Könnte sein, dass du dann sowohl D2 als auch die Erweiterung aus der PC Games haben musst (bzw. PC Action), da solltest du aber mal direkt dort beim Support anfragen.


----------



## SirRobin (30. März 2009)

Nein, die Diablo 2 Version war vor ein paar Jahren mal auf der PC Games, die Erweiterung habe ich mir regulär im Laden gekauft ;-)


----------



## -bloodberry- (30. März 2009)

Okay.
Könnte sein, dass diese beiden Versionen nicht kompatibel sind.
Also am besten mal eine Mail an die PC Games Redaktion schreiben und nachfragen.

Außerdem fehlt der Screenshot noch. ;D


----------



## Sulli (2. April 2009)

-bloodberry- schrieb:


> Okay.
> Könnte sein, dass diese beiden Versionen nicht kompatibel sind.
> Also am besten mal eine Mail an die PC Games Redaktion schreiben und nachfragen.
> 
> Außerdem fehlt der Screenshot noch. ;D



Ich habe auch die Dia2 aus dem heft und ne gekaufte Exp. und es geht einwandfrei. Musst mal genauer beschreiben was für ne Fehlermeldung du hast bzw. wie du es Installiert hast ...Man kann den Patch nach jeder Install. von Dia2 und die Erweiterung machen oder wenn man beides drauf hat .. musst mal schaun wie du es gemacht hast und ob es damit zusammenhängt


----------



## SirRobin (2. April 2009)

Ich habe D2 von der Heft CD installiert und gepatcht, LOD habe ich erst danach gekauft und installiert und dann gepatcht. Wie hast du das gemacht? D2 installiert, dann LOD und dann den Patch für LOD?

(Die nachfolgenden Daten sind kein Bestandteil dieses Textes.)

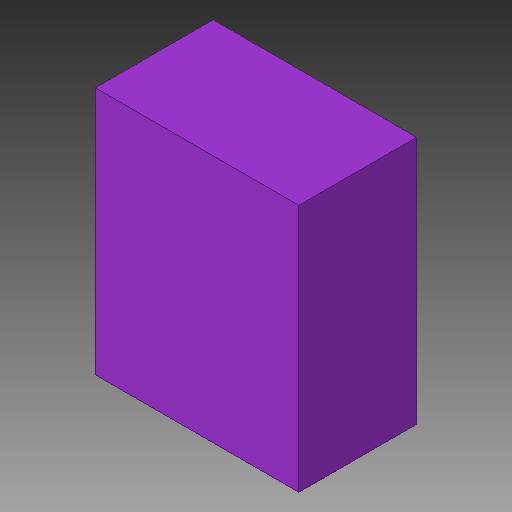
# Autodesk Inventor part: TPS62237DRY
Saved by Autodesk Inventor 2018 (Build 220112000, 112)
## iProperties
Created: 2015-11-24
Part Number: TPS62237DRY
Material: Generic
Document SubType Name: Modeling
Designer: PhillipD
Density: 1 g/cm^3
Appearance: DRY6, TPS62237DRY
Author: PhillipD
Autodesk Inventor part; units mm, degrees
ref_plane "YZ Plane" through (0, 0, 0) normal (1, 0, 0) x (0, 1, 0)
ref_plane "XZ Plane" through (0, 0, 0) normal (0, 1, 0) x (-1, 0, 0)
ref_plane "XY Plane" through (0, 0, 0) normal (0, 0, 1) x (1, 0, 0)
sketch "DRY6, TPS62237DRY_173" plane through (0, 0, 0) normal (0, 0, 1) x (1, 0, 0)
  line L0 (-0.8636, 1.016) -> (0.8636, 1.016)
  line L1 (0.8636, 1.016) -> (0.8636, -1.0922)
  line L2 (0.8636, -1.0922) -> (-0.8636, -1.0922)
  line L3 (-0.8636, -1.0922) -> (-0.8636, 1.016)
  constraints: 8 end point
extrude "Extrusion1" add sketch "DRY6, TPS62237DRY_173" along normal blind 1
body "Solid1"
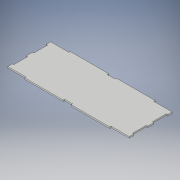
# Autodesk Inventor part: case_roof
Saved by Autodesk Inventor 2019 (Build 230136000, 136)
## iProperties
Created: 2019-07-12
Part Number: case_roof
Material: Generic
Document SubType Name: Modeling
Designer: Lino P
Density: 1 g/cm^3
Appearance: Default
Author: Lino P
Autodesk Inventor part; units mm, degrees
ref_plane "YZ Plane" through (0, 0, 0) normal (1, 0, 0) x (0, 1, 0)
ref_plane "XZ Plane" through (0, 0, 0) normal (0, 1, 0) x (-1, 0, 0)
ref_plane "Work Plane1" through (127, 57.2, 0) normal (0, 1, 0) x (1, 0, 0)
sketch "Sketch3" plane through (127, 57.2, 0) normal (0, 1, 0) x (1, 0, 0)
  line L0 (0, 0) -> (85, 0) construction
  line L1 (0, 0) -> (0, -3) construction
  line L2 (85, -3) -> (0, -3) construction
  line L3 (85, 0) -> (85, -3) construction
  line L4 (-102, 0) -> (-17, 0) construction
  line L5 (-102, 0) -> (-102, -3) construction
  line L6 (-17, -3) -> (-102, -3) construction
  line L7 (-17, 0) -> (-17, -3) construction
  line L8 (122, 10) -> (125, 10) construction
  line L9 (122, 10) -> (122, 0) construction
  line L10 (125, 0) -> (122, 0) construction
  line L11 (125, 10) -> (125, 0) construction
  line L12 (122, 40) -> (125, 40) construction
  line L13 (125, 54) -> (125, 40) construction
  line L14 (122, 54) -> (125, 54) construction
  line L15 (122, 54) -> (122, 40) construction
  line L16 (122, 84) -> (125, 84) construction
  line L17 (125, 94) -> (125, 84) construction
  line L18 (122, 94) -> (125, 94) construction
  line L19 (122, 94) -> (122, 84) construction
  line L20 (122, 0) -> (-139, 0)
  line L21 (-139, 0) -> (-139, 94)
  line L22 (-139, 94) -> (122, 94)
  line L23 (122, 94) -> (122, 0)
  line L24 (-102, 0) -> (-142, 0) projected
  line L25 (-17, -3) -> (-102, -3)
  line L26 (-102, -3) -> (-102, 0)
  line L27 (-102, 0) -> (-17, 0)
  line L28 (-17, 0) -> (-17, -3)
  line L29 (85, -3) -> (0, -3)
  line L30 (0, -3) -> (0, 0)
  line L31 (0, 0) -> (85, 0)
  line L32 (85, 0) -> (85, -3)
  line L33 (122, 10) -> (125, 10) projected
  line L34 (122, 0) -> (125, 0)
  line L35 (125, 0) -> (125, 10)
  line L36 (125, 10) -> (122, 10)
  line L37 (122, 10) -> (122, 0)
  line L38 (125, 54) -> (125, 40) projected
  line L39 (122, 40) -> (125, 40)
  line L40 (125, 40) -> (125, 54)
  line L41 (125, 54) -> (122, 54)
  line L42 (122, 54) -> (122, 40)
  line L43 (122, 94) -> (125, 94)
  line L44 (125, 94) -> (125, 84)
  line L45 (125, 84) -> (122, 84)
  line L46 (122, 84) -> (122, 94)
  line L47 (-139, 47) -> (122, 47) construction
  line L48 (-8.5, 94) -> (-8.5, 0) construction
  line L49 (-139, 10) -> (-142, 10) construction
  line L50 (-139, 10) -> (-139, 0) construction
  line L51 (-142, 0) -> (-139, 0) construction
  line L52 (-142, 10) -> (-142, 0) construction
  line L53 (-139, 40) -> (-142, 40) construction
  line L54 (-142, 54) -> (-142, 40) construction
  line L55 (-139, 54) -> (-142, 54) construction
  line L56 (-139, 54) -> (-139, 40) construction
  line L57 (-139, 84) -> (-142, 84) construction
  line L58 (-142, 94) -> (-142, 84) construction
  line L59 (-139, 94) -> (-142, 94) construction
  line L60 (-139, 94) -> (-139, 84) construction
  line L61 (-139, 94) -> (-139, 0)
  line L62 (-139, 10) -> (-142, 10)
  line L63 (-139, 0) -> (-142, 0)
  line L64 (-142, 0) -> (-142, 10)
  line L65 (-142, 10) -> (-139, 10)
  line L66 (-139, 10) -> (-139, 0)
  line L67 (-142, 54) -> (-142, 40)
  line L68 (-139, 40) -> (-142, 40)
  line L69 (-142, 40) -> (-142, 54)
  line L70 (-142, 54) -> (-139, 54)
  line L71 (-139, 54) -> (-139, 40)
  line L72 (-139, 94) -> (-142, 94)
  line L73 (-142, 94) -> (-142, 84)
  line L74 (-142, 84) -> (-139, 84)
  line L75 (-139, 84) -> (-139, 94)
  line L76 (0, 94) -> (85, 94) construction
  line L77 (0, 94) -> (0, 97) construction
  line L78 (85, 97) -> (0, 97) construction
  line L79 (85, 94) -> (85, 97) construction
  line L80 (-102, 94) -> (-17, 94) construction
  line L81 (-102, 94) -> (-102, 97) construction
  line L82 (-17, 97) -> (-102, 97) construction
  line L83 (-17, 94) -> (-17, 97) construction
  line L84 (-17, 97) -> (-102, 97)
  line L85 (-102, 97) -> (-102, 94)
  line L86 (-102, 94) -> (-17, 94)
  line L87 (-17, 94) -> (-17, 97)
  line L88 (85, 97) -> (0, 97)
  line L89 (0, 97) -> (0, 94)
  line L90 (0, 94) -> (85, 94)
  line L91 (85, 94) -> (85, 97)
  point P0 (-127, 0)
  dimension "d55" = 261
  dimension "d56" = 94
  constraints: 138 end point, 33 symmetric about line, 12 parallel, 6 horizontal, 6 perpendicular, 4 coincident, 4 midpoint
  measures "d55" distance of L21.end L22.end
  measures "d56" distance of L20.end L21.end
extrude "Extrusion4" add sketch "Sketch3" along normal blind 3
body "Solid1"

Meine Fehlermeldung sagt ja aus das die Produktkeys irgendwie nicht zusammenpassen...


----------



## bliblubb (2. April 2009)

wie oben gesagt mach mal nen screenshot


----------



## Sulli (2. April 2009)

SirRobin schrieb:


> Ich habe D2 von der Heft CD installiert und gepatcht, LOD habe ich erst danach gekauft und installiert und dann gepatcht. Wie hast du das gemacht? D2 installiert, dann LOD und dann den Patch für LOD?
> 
> Meine Fehlermeldung sagt ja aus das die Produktkeys irgendwie nicht zusammenpassen...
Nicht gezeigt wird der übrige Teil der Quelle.